_EXERCISE MATERIAL_
<<<<
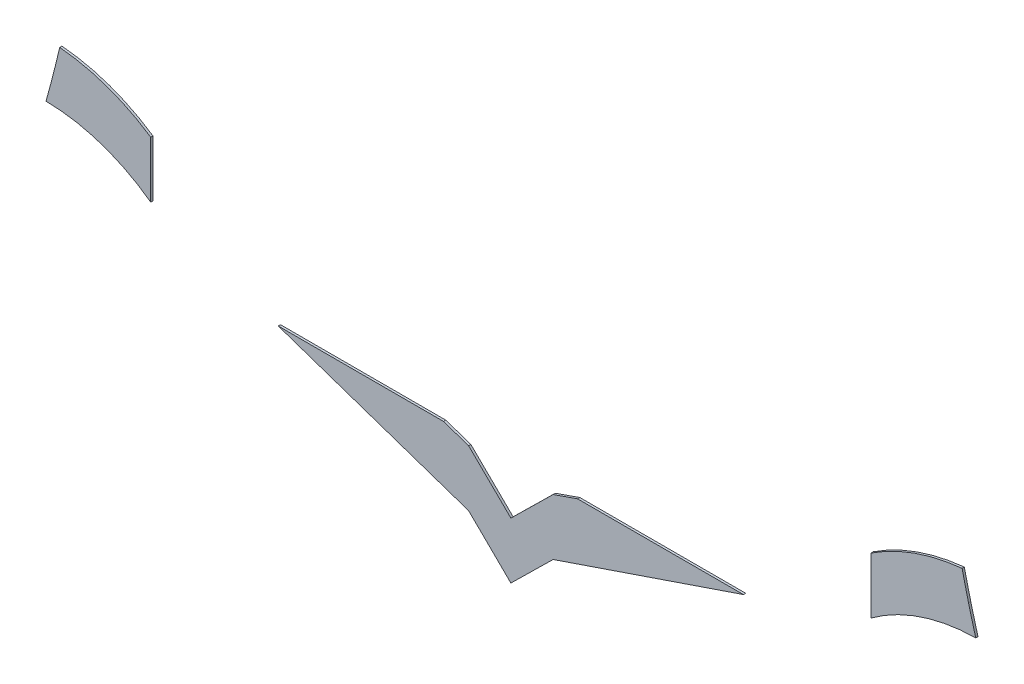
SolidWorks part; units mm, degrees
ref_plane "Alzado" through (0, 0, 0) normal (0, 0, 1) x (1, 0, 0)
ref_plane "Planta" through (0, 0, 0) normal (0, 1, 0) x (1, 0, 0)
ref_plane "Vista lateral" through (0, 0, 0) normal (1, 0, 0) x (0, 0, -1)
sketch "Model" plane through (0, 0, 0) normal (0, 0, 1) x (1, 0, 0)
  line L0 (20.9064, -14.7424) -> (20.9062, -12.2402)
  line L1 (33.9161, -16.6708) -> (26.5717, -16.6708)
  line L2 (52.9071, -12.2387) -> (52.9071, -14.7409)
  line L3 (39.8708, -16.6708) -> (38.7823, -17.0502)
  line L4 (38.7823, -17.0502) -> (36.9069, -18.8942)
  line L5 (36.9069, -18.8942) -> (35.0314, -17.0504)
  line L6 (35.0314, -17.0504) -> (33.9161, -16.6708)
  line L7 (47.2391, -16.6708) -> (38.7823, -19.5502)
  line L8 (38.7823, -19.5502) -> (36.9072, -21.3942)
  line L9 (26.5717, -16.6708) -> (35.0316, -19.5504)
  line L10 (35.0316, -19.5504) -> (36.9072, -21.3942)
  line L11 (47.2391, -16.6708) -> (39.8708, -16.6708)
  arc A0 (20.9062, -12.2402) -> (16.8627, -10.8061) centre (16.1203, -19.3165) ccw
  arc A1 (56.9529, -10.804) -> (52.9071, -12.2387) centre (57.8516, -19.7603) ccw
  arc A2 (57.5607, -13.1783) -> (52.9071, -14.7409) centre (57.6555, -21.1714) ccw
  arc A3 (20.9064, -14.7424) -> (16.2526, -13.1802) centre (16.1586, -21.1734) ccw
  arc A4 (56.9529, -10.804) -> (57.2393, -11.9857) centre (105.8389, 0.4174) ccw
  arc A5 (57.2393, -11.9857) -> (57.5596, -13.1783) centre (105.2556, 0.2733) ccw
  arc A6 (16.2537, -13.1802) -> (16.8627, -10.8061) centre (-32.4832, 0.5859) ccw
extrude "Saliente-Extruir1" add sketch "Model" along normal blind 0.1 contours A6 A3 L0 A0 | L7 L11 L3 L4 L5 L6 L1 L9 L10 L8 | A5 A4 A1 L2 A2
>>>>
_EXERCISE REQUIREMENTS_
Print the listing exactly, images excluded.

_ANSWER SPACE_
SolidWorks part; units mm, degrees
ref_plane "Alzado" through (0, 0, 0) normal (0, 0, 1) x (1, 0, 0)
ref_plane "Planta" through (0, 0, 0) normal (0, 1, 0) x (1, 0, 0)
ref_plane "Vista lateral" through (0, 0, 0) normal (1, 0, 0) x (0, 0, -1)
sketch "Model" plane through (0, 0, 0) normal (0, 0, 1) x (1, 0, 0)
  line L0 (20.9064, -14.7424) -> (20.9062, -12.2402)
  line L1 (33.9161, -16.6708) -> (26.5717, -16.6708)
  line L2 (52.9071, -12.2387) -> (52.9071, -14.7409)
  line L3 (39.8708, -16.6708) -> (38.7823, -17.0502)
  line L4 (38.7823, -17.0502) -> (36.9069, -18.8942)
  line L5 (36.9069, -18.8942) -> (35.0314, -17.0504)
  line L6 (35.0314, -17.0504) -> (33.9161, -16.6708)
  line L7 (47.2391, -16.6708) -> (38.7823, -19.5502)
  line L8 (38.7823, -19.5502) -> (36.9072, -21.3942)
  line L9 (26.5717, -16.6708) -> (35.0316, -19.5504)
  line L10 (35.0316, -19.5504) -> (36.9072, -21.3942)
  line L11 (47.2391, -16.6708) -> (39.8708, -16.6708)
  arc A0 (20.9062, -12.2402) -> (16.8627, -10.8061) centre (16.1203, -19.3165) ccw
  arc A1 (56.9529, -10.804) -> (52.9071, -12.2387) centre (57.8516, -19.7603) ccw
  arc A2 (57.5607, -13.1783) -> (52.9071, -14.7409) centre (57.6555, -21.1714) ccw
  arc A3 (20.9064, -14.7424) -> (16.2526, -13.1802) centre (16.1586, -21.1734) ccw
  arc A4 (56.9529, -10.804) -> (57.2393, -11.9857) centre (105.8389, 0.4174) ccw
  arc A5 (57.2393, -11.9857) -> (57.5596, -13.1783) centre (105.2556, 0.2733) ccw
  arc A6 (16.2537, -13.1802) -> (16.8627, -10.8061) centre (-32.4832, 0.5859) ccw
extrude "Saliente-Extruir1" add sketch "Model" along normal blind 0.1 contours A6 A3 L0 A0 | L7 L11 L3 L4 L5 L6 L1 L9 L10 L8 | A5 A4 A1 L2 A2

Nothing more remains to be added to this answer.